Among the candidates who will lead the bank into this uncertain future are the former vice president of the bank (power, energy, green growth, climate change) and his native Senegal Minister of Economy, Planning and International Cooperation, Amadou Hot, whom he led the country through the pandemic. Hott's ambitions often sit in this context. He argues in his conversations with African businesses that the continent needs to awaken to the fact that support from international partners is not approaching. “They're having problems,” he notes, citing the UK's recent decision to promote defence spending while reducing official development assistance (ODA).

“Anything that remains (money) for development needs to be amplified.

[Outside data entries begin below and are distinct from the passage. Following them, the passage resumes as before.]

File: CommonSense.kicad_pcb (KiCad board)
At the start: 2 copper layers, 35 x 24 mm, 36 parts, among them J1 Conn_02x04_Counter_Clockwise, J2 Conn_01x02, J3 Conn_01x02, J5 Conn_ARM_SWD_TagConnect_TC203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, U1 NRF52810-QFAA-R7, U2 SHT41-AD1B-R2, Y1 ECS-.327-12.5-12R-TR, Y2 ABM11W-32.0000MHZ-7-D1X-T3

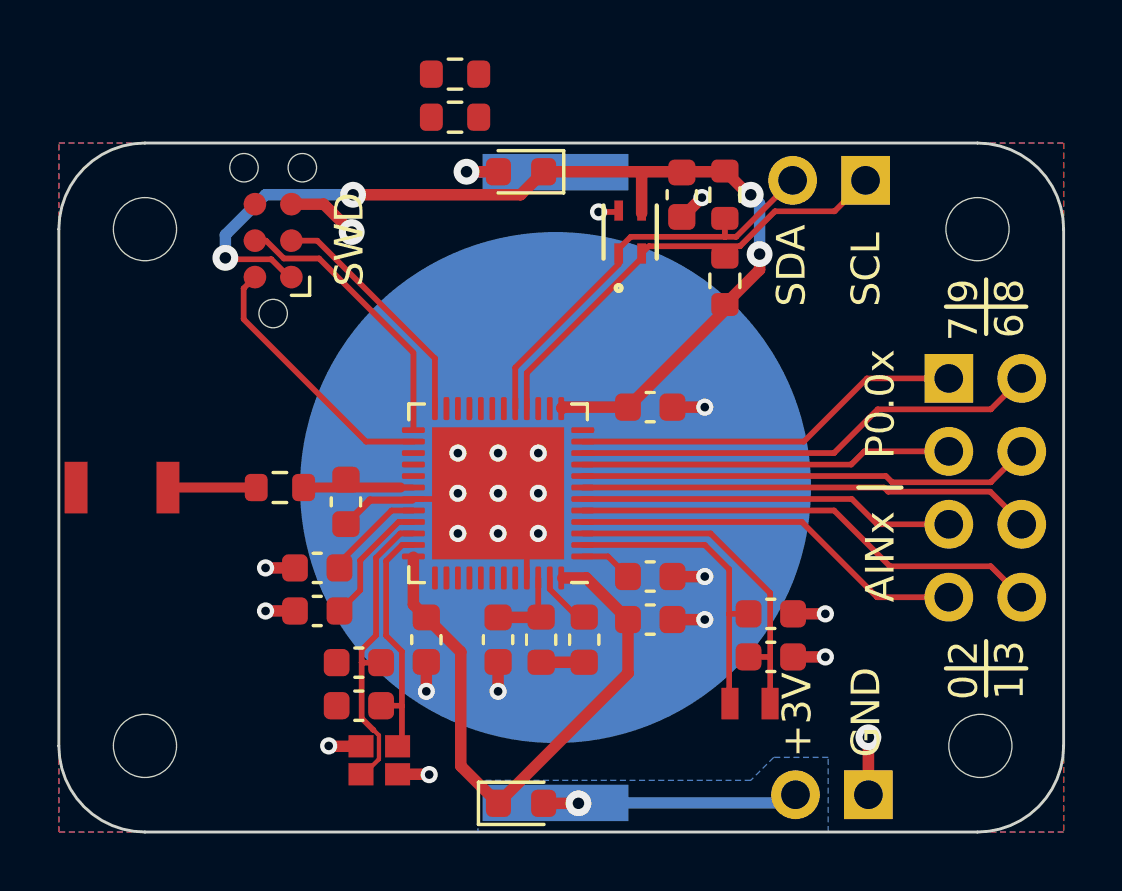
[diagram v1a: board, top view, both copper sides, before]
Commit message: Add additional 1u bypass capacitor
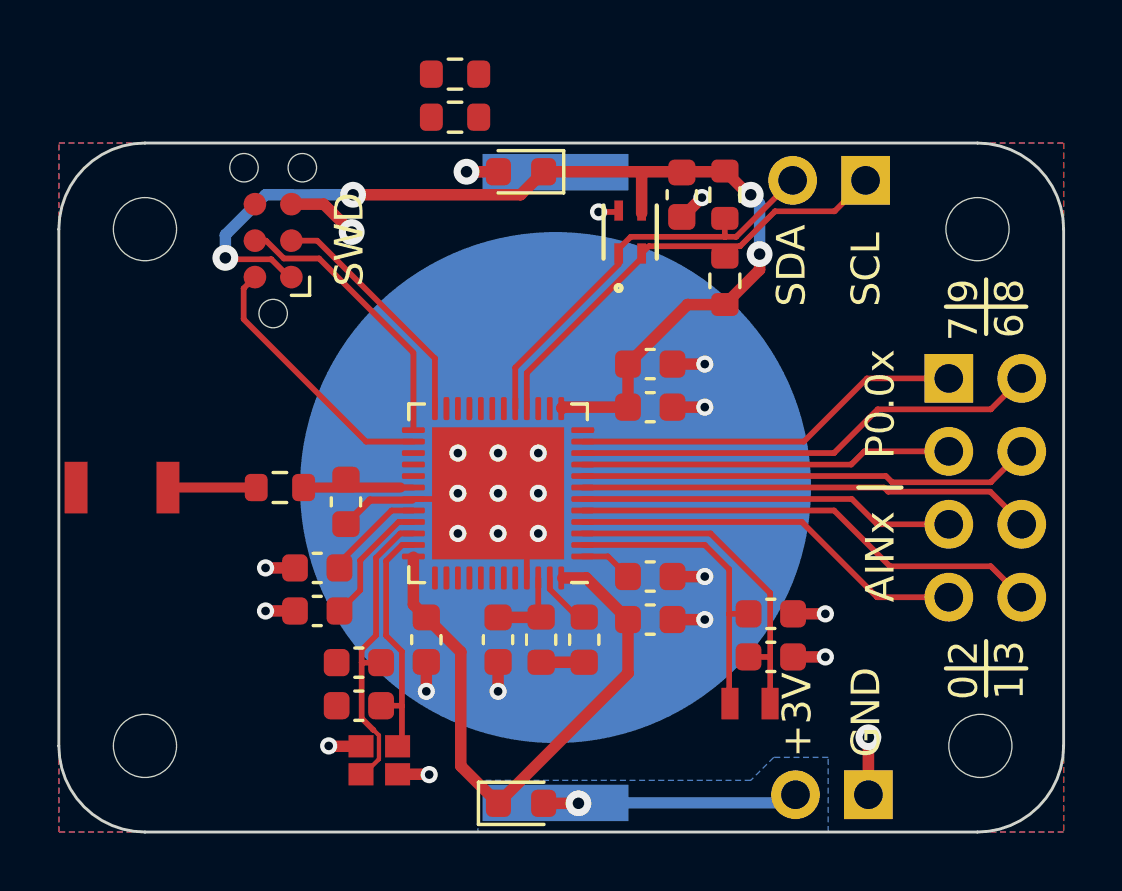
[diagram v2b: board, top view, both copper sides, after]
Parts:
- added C14: 1u, Capacitor_SMD:C_0603_1608Metric, F.Cu at (156.6, 63.7)
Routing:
- net GND: track 25.8 -> 26.9 mm, vias 24 -> 25
- net +3V0: track 57.1 -> 57.9 mm
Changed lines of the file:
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@@
+  )
+  (footprint "Capacitor_SMD:C_0603_1608Metric" (layer "F.Cu")
+    (at 156.6 63.7 180)
+    (descr "Capacitor SMD 0603 (1608 Metric), square (rectangular) end terminal, IPC_7351 nominal, (Body size source: IPC-SM-782 page 76, https://www.pcb-3d.com/wordpress/wp-content/uploads/ipc-sm-782a_amendment_1_and_2.pdf), generated with kicad-footprint-generator")
+    (tags "capacitor")
+    (property "Sheetfile" "CommonSense.kicad_sch")
+    (property "Sheetname" "")
+    (property "ki_description" "Unpolarized capacitor")
+    (property "ki_keywords" "cap capacitor")
+    (attr smd)
+    (fp_text reference "C14" (at 0 -1.43) (layer "F.SilkS") hide
+        (effects (font (size 1 1) (thickness 0.15)))
+    )
+    (fp_text value "1u" (at 0 1.43) (layer "F.Fab") hide
+        (effects (font (size 1 1) (thickness 0.15)))
+    )
+    (fp_text user "${REFERENCE}" (at 0 0) (layer "F.Fab") hide
+        (effects (font (size 0.4 0.4) (thickness 0.06)))
+    )
+    (fp_line (start -0.14058 -0.51) (end 0.14058 -0.51)
+      (stroke (width 0.12) (type solid)) (layer "F.SilkS"))
+    (fp_line (start -0.14058 0.51) (end 0.14058 0.51)
+      (stroke (width 0.12) (type solid)) (layer "F.SilkS"))
+    (fp_line (start -1.48 -0.73) (end 1.48 -0.73)
+      (stroke (width 0.05) (type solid)) (layer "F.CrtYd"))
+    (fp_line (start -1.48 0.73) (end -1.48 -0.73)
+      (stroke (width 0.05) (type solid)) (layer "F.CrtYd"))
+    (fp_line (start 1.48 -0.73) (end 1.48 0.73)
+      (stroke (width 0.05) (type solid)) (layer "F.CrtYd"))
+    (fp_line (start 1.48 0.73) (end -1.48 0.73)
+      (stroke (width 0.05) (type solid)) (layer "F.CrtYd"))
+    (fp_line (start -0.8 -0.4) (end 0.8 -0.4)
+      (stroke (width 0.1) (type solid)) (layer "F.Fab"))
+    (fp_line (start -0.8 0.4) (end -0.8 -0.4)
+      (stroke (width 0.1) (type solid)) (layer "F.Fab"))
+    (fp_line (start 0.8 -0.4) (end 0.8 0.4)
+      (stroke (width 0.1) (type solid)) (layer "F.Fab"))
+    (fp_line (start 0.8 0.4) (end -0.8 0.4)
+      (stroke (width 0.1) (type solid)) (layer "F.Fab"))
+    (pad "1" smd roundrect (at -0.775 0 180) (size 0.9 0.95) (layers "F.Cu" "F.Paste" "F.Mask") (roundrect_rratio 0.25)
+      (net 2 "GND") (pintype "passive"))
+    (pad "2" smd roundrect (at 0.775 0 180) (size 0.9 0.95) (layers "F.Cu" "F.Paste" "F.Mask") (roundrect_rratio 0.25)
+      (net 50 "+3V0") (pintype "passive"))
+    (model "${KICAD6_3DMODEL_DIR}/Capacitor_SMD.3dshapes/C_0603_1608Metric.wrl"
+      (offset (xyz 0 0 0))
+      (scale (xyz 1 1 1))
+      (rotate (xyz 0 0 0))
+    )
   )
   (footprint "Capacitor_SMD:C_0603_1608Metric" (layer "F.Cu")
@@
   (segment (start 161.575 73.9) (end 162.7 73.9) (width 0.4) (layer "F.Cu") (net 2))
   (segment (start 155.45305 58.4) (end 155.49995 58.3531) (width 0.2) (layer "F.Cu") (net 2))
+  (segment (start 157.375 63.7) (end 158.5 63.7) (width 0.4) (layer "F.Cu") (net 2))
   (segment (start 157.725 58.575) (end 158.4 57.9) (width 0.4) (layer "F.Cu") (net 2))
   (segment (start 145.413 77.013) (end 145.4 77) (width 0.4) (layer "F.Cu") (net 2))
@@
   (via (at 158.5 71.1) (size 0.6) (drill 0.3) (layers "F.Cu" "B.Cu") (net 2))
   (via (at 146.2 59.1) (size 0.9) (drill 0.4) (layers "F.Cu" "B.Cu") (net 2))
+  (via (at 158.5 63.7) (size 0.6) (drill 0.3) (layers "F.Cu" "B.Cu") (net 2))
   (via (at 148.9 78) (size 0.6) (drill 0.3) (layers "F.Cu" "B.Cu") (net 2))
   (via (at 149.9 68.2) (size 0.6) (drill 0.3) (layers "F.Cu" "B.Cu") (net 2))
@@
   (segment (start 153.285 57) (end 153.3 57.015) (width 0.4) (layer "B.Cu") (net 49))
   (segment (start 153.3 78.985) (end 161.375 78.985) (width 0.4) (layer "B.Cu") (net 49))
+  (segment (start 153.55 65.2) (end 153.527 65.223) (width 0.4) (layer "F.Cu") (net 50))
   (segment (start 143.401852 60.0493) (end 141.8493 60.0493) (width 0.2) (layer "F.Cu") (net 50))
   (segment (start 148.35 72.075) (end 148.35 70.427) (width 0.4) (layer "F.Cu") (net 50))
   (segment (start 160.409948 60.415052) (end 159.2 61.625) (width 0.4) (layer "F.Cu") (net 50))
+  (segment (start 155.825 63.7) (end 155.825 65.2) (width 0.4) (layer "F.Cu") (net 50))
+  (segment (start 153.527 65.223) (end 153.527 65.25) (width 0.4) (layer "F.Cu") (net 50))
   (segment (start 156.3 57) (end 159.175 57) (width 0.4) (layer "F.Cu") (net 50))
   (segment (start 154.375 71.15) (end 153.552 71.15) (width 0.4) (layer "F.Cu") (net 50))
+  (segment (start 159.2 61.625) (end 157.9 61.625) (width 0.4) (layer "F.Cu") (net 50))
   (segment (start 160.026642 57.801642) (end 159.2 56.975) (width 0.4) (layer "F.Cu") (net 50))
   (segment (start 156.3001 58.4531) (end 156.3001 57.0001) (width 0.4) (layer "F.Cu") (net 50))
   (segment (start 150 77.7) (end 150 73.725) (width 0.4) (layer "F.Cu") (net 50))
-  (segment (start 159.2 61.625) (end 159.2 61.825) (width 0.4) (layer "F.Cu") (net 50))
-  (segment (start 153.55 65.2) (end 153.527 65.223) (width 0.4) (layer "F.Cu") (net 50))
   (segment (start 148.8 72.525) (end 148.35 72.075) (width 0.4) (layer "F.Cu") (net 50))
   (segment (start 155.825 74.475) (end 155.825 72.6) (width 0.4) (layer "F.Cu") (net 50))
@@
   (segment (start 156.3001 57.0001) (end 156.3 57) (width 0.4) (layer "F.Cu") (net 50))
   (segment (start 152.8875 57) (end 156.3 57) (width 0.4) (layer "F.Cu") (net 50))
+  (segment (start 157.9 61.625) (end 155.825 63.7) (width 0.4) (layer "F.Cu") (net 50))
   (segment (start 160.101642 57.801642) (end 160.026642 57.801642) (width 0.4) (layer "F.Cu") (net 50))
-  (segment (start 159.2 61.825) (end 155.825 65.2) (width 0.4) (layer "F.Cu") (net 50))
   (segment (start 144.022552 60.67) (end 143.401852 60.0493) (width 0.2) (layer "F.Cu") (net 50))
   (segment (start 146.247897 57.802) (end 152.0855 57.802) (width 0.4) (layer "F.Cu") (net 50))
   (segment (start 152.0855 57.802) (end 152.8875 57) (width 0.4) (layer "F.Cu") (net 50))
-  (segment (start 155.825 65.2) (end 153.55 65.2) (width 0.4) (layer "F.Cu") (net 50))
   (segment (start 159.175 57) (end 159.2 56.975) (width 0.4) (layer "F.Cu") (net 50))
-  (segment (start 153.527 65.223) (end 153.527 65.25) (width 0.4) (layer "F.Cu") (net 50))
   (segment (start 150 73.725) (end 148.8 72.525) (width 0.4) (layer "F.Cu") (net 50))
   (segment (start 141.8493 60.0493) (end 141.8 60) (width 0.2) (layer "F.Cu") (net 50))
@@
   (segment (start 155.825 72.6) (end 154.375 71.15) (width 0.4) (layer "F.Cu") (net 50))
   (segment (start 151.3 79) (end 155.825 74.475) (width 0.4) (layer "F.Cu") (net 50))
+  (segment (start 155.825 65.2) (end 153.55 65.2) (width 0.4) (layer "F.Cu") (net 50))
   (via (at 160.409948 59.869216) (size 0.9) (drill 0.4) (layers "F.Cu" "B.Cu") (net 50))
   (via (at 160.101642 57.801642) (size 0.9) (drill 0.4) (layers "F.Cu" "B.Cu") (net 50))

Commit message: Route LED and fix silk screen warnings
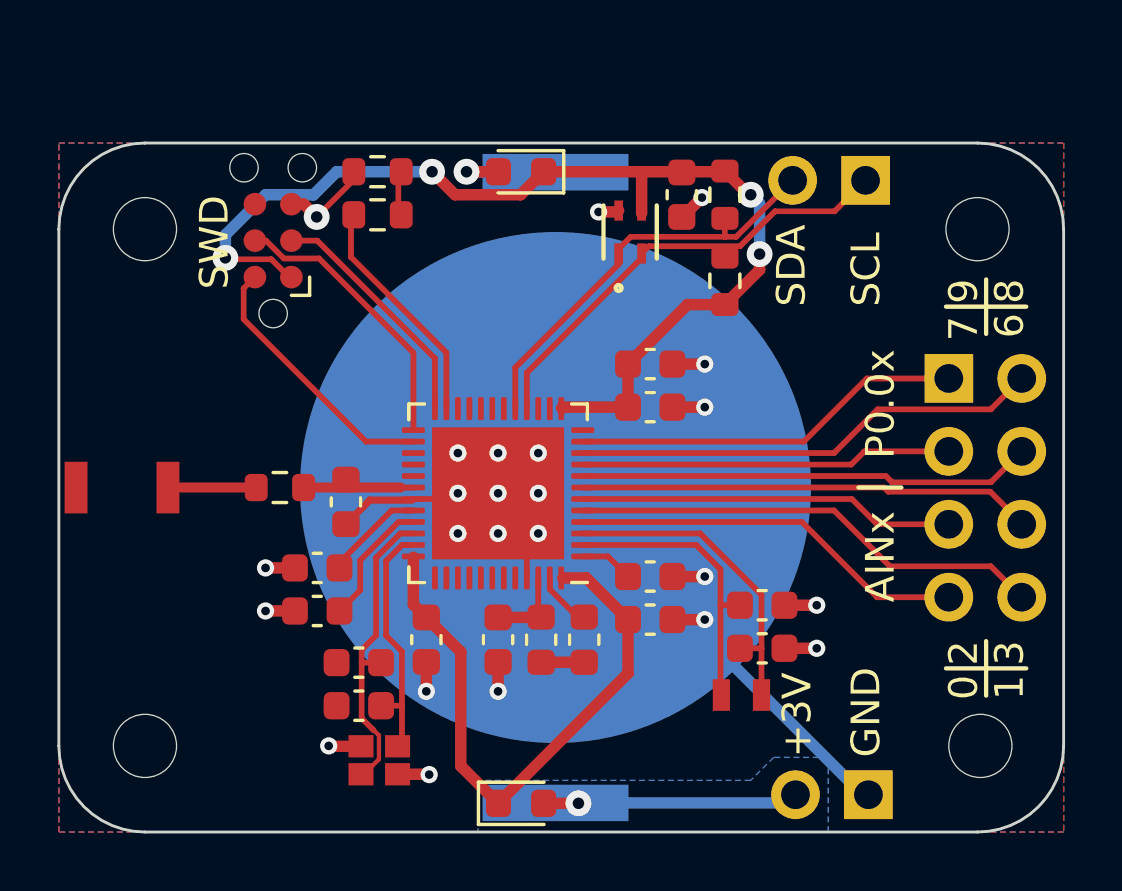
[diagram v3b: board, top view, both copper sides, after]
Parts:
- moved D1 4.34 mm to (147.1, 57.0)
- moved R1 4.34 mm to (147.1, 58.5)
- moved C1 0.42 mm to (160.5, 72.1)
- moved C2 0.42 mm to (160.5, 73.6)
- moved Y1 0.42 mm to (159.8, 75.2)
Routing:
- net GND: track 26.9 -> 40.9 mm, vias 25 -> 24
- net /STATUS_LED: track 0.00 -> 8.13 mm
- net /LED_RES: track 0.00 -> 1.50 mm
- net +3V0: track 57.9 -> 58.5 mm
- net /XL2: track 12.0 -> 11.4 mm
- net /XL1: track 10.8 -> 10.2 mm

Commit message: Add vias to avoid islands
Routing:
- net GND: vias 24 -> 33
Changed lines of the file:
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@@
   (segment (start 157.375 65.2) (end 158.5 65.2) (width 0.4) (layer "F.Cu") (net 2))
   (segment (start 146.175 57.380137) (end 144.980937 58.5742) (width 0.2) (layer "F.Cu") (net 2))
+  (via (at 144.8 61.7) (size 0.6) (drill 0.3) (layers "F.Cu" "B.Cu") (free) (net 2))
   (via (at 151.3 69.6) (size 0.6) (drill 0.3) (layers "F.Cu" "B.Cu") (net 2))
+  (via (at 138.9 62.4) (size 0.6) (drill 0.3) (layers "F.Cu" "B.Cu") (free) (net 2))
   (via (at 158.5 71.1) (size 0.6) (drill 0.3) (layers "F.Cu" "B.Cu") (net 2))
   (via (at 144.980937 58.5742) (size 0.9) (drill 0.4) (layers "F.Cu" "B.Cu") (net 2))
+  (via (at 149.4 61.3) (size 0.6) (drill 0.3) (layers "F.Cu" "B.Cu") (net 2))
+  (via (at 154.1 63.8) (size 0.6) (drill 0.3) (layers "F.Cu" "B.Cu") (net 2))
   (via (at 158.5 63.7) (size 0.6) (drill 0.3) (layers "F.Cu" "B.Cu") (net 2))
   (via (at 148.9 78) (size 0.6) (drill 0.3) (layers "F.Cu" "B.Cu") (net 2))
   (via (at 149.9 68.2) (size 0.6) (drill 0.3) (layers "F.Cu" "B.Cu") (net 2))
   (via (at 154.8 58.4) (size 0.6) (drill 0.3) (layers "F.Cu" "B.Cu") (net 2))
+  (via (at 157.5 60.7) (size 0.6) (drill 0.3) (layers "F.Cu" "B.Cu") (net 2))
   (via (at 149.9 66.8) (size 0.6) (drill 0.3) (layers "F.Cu" "B.Cu") (net 2))
+  (via (at 147 64.7) (size 0.6) (drill 0.3) (layers "F.Cu" "B.Cu") (net 2))
   (via (at 149.9 69.6) (size 0.6) (drill 0.3) (layers "F.Cu" "B.Cu") (net 2))
   (via (at 162.4 72.1) (size 0.6) (drill 0.3) (layers "F.Cu" "B.Cu") (net 2))
@@
   (via (at 145.4 77) (size 0.6) (drill 0.3) (layers "F.Cu" "B.Cu") (net 2))
   (via (at 143.2 72.3) (size 0.6) (drill 0.3) (layers "F.Cu" "B.Cu") (net 2))
+  (via (at 165.7 60.9) (size 0.6) (drill 0.3) (layers "F.Cu" "B.Cu") (free) (net 2))
   (via (at 151.3 66.8) (size 0.6) (drill 0.3) (layers "F.Cu" "B.Cu") (net 2))
   (via (at 148.8 75.1) (size 0.6) (drill 0.3) (layers "F.Cu" "B.Cu") (net 2))
+  (via (at 141.9 77.2) (size 0.6) (drill 0.3) (layers "F.Cu" "B.Cu") (free) (net 2))
   (via (at 143.2 70.8) (size 0.6) (drill 0.3) (layers "F.Cu" "B.Cu") (net 2))
   (via (at 158.4 57.9) (size 0.6) (drill 0.3) (layers "F.Cu" "B.Cu") (net 2))
+  (via (at 144.5 66.4) (size 0.6) (drill 0.3) (layers "F.Cu" "B.Cu") (free) (net 2))
   (via (at 152.7 66.8) (size 0.6) (drill 0.3) (layers "F.Cu" "B.Cu") (net 2))
   (via (at 152.7 69.6) (size 0.6) (drill 0.3) (layers "F.Cu" "B.Cu") (net 2))

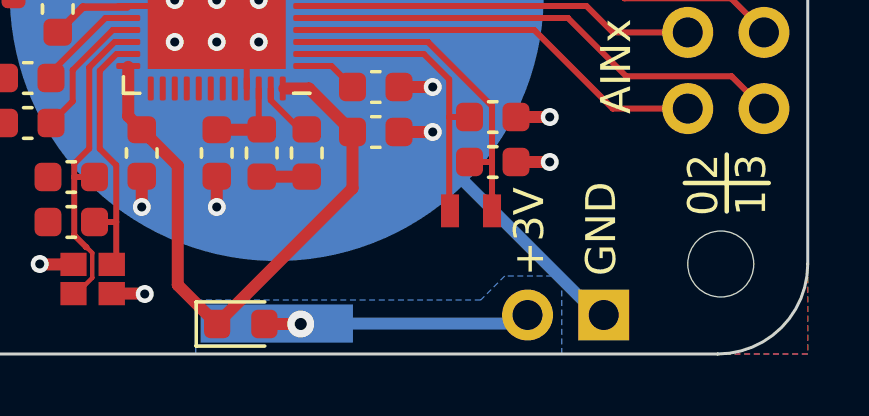
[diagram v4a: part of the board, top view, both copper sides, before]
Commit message: Move power pin header to properly align with I2C pin header
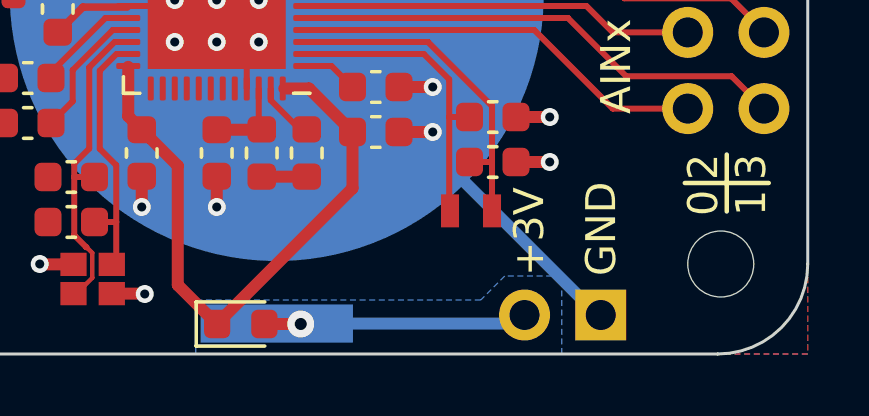
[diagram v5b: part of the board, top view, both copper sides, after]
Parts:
- moved J2 0.10 mm to (164.1, 78.7)
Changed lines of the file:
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@@
   )
   (footprint "Connector_PinHeader_2.54mm:PinHeader_1x02_P2.54mm_Vertical" locked (layer "F.Cu")
-    (at 164.2 78.7 -90)
+    (at 164.1 78.7 -90)
     (descr "Through hole straight pin header, 1x02, 2.54mm pitch, single row")
     (tags "Through hole pin header THT 1x02 2.54mm single row")
@@
   (via (at 152.7 69.6) (size 0.6) (drill 0.3) (layers "F.Cu" "B.Cu") (net 2))
   (segment (start 164 78.7) (end 153.3 68) (width 0.4) (layer "B.Cu") (net 2))
-  (segment (start 164.2 78.7) (end 164 78.7) (width 0.4) (layer "B.Cu") (net 2))
+  (segment (start 164.1 78.7) (end 164 78.7) (width 0.4) (layer "B.Cu") (net 2))
   (segment (start 159.048 75.198983) (end 159.048 72.1) (width 0.2) (layer "F.Cu") (net 3))
   (segment (start 159.725 72.1) (end 159.048 72.1) (width 0.2) (layer "F.Cu") (net 3))
@@
   (via (at 154.1 79) (size 0.9) (drill 0.4) (layers "F.Cu" "B.Cu") (net 49))
   (via (at 150.2 57) (size 0.9) (drill 0.4) (layers "F.Cu" "B.Cu") (net 49))
-  (segment (start 161.375 78.985) (end 161.66 78.7) (width 0.4) (layer "B.Cu") (net 49))
+  (segment (start 153.3 78.985) (end 161.275 78.985) (width 0.4) (layer "B.Cu") (net 49))
+  (segment (start 161.275 78.985) (end 161.56 78.7) (width 0.4) (layer "B.Cu") (net 49))
   (segment (start 150.2 57) (end 153.285 57) (width 0.4) (layer "B.Cu") (net 49))
   (segment (start 153.285 57) (end 153.3 57.015) (width 0.4) (layer "B.Cu") (net 49))
-  (segment (start 153.3 78.985) (end 161.375 78.985) (width 0.4) (layer "B.Cu") (net 49))
   (segment (start 153.55 65.2) (end 153.527 65.223) (width 0.4) (layer "F.Cu") (net 50))
   (segment (start 143.401852 60.0493) (end 141.8493 60.0493) (width 0.2) (layer "F.Cu") (net 50))

Hot's view is that this opens the door for a larger role in the private sector. “That means leveraging capital markets, mobilizing private sector investments and strengthening domestic resource mobilization, whether through government channels or local private sector initiatives.”

And this is late, he says. “This is something we should have done a long time ago, but it's important now. Otherwise, our impact will be reduced.”

Moves from billions to trillions

He argues that the key he argues is lying to maximize the role of multilateral development banks (MDBs), such as the AFDB. “If an institution like a bank is given equity or hybrid capital, it can take on more risks and significantly amplify investment, whether it's in the private sector or the government, compared to a bilateral fundraising approach.”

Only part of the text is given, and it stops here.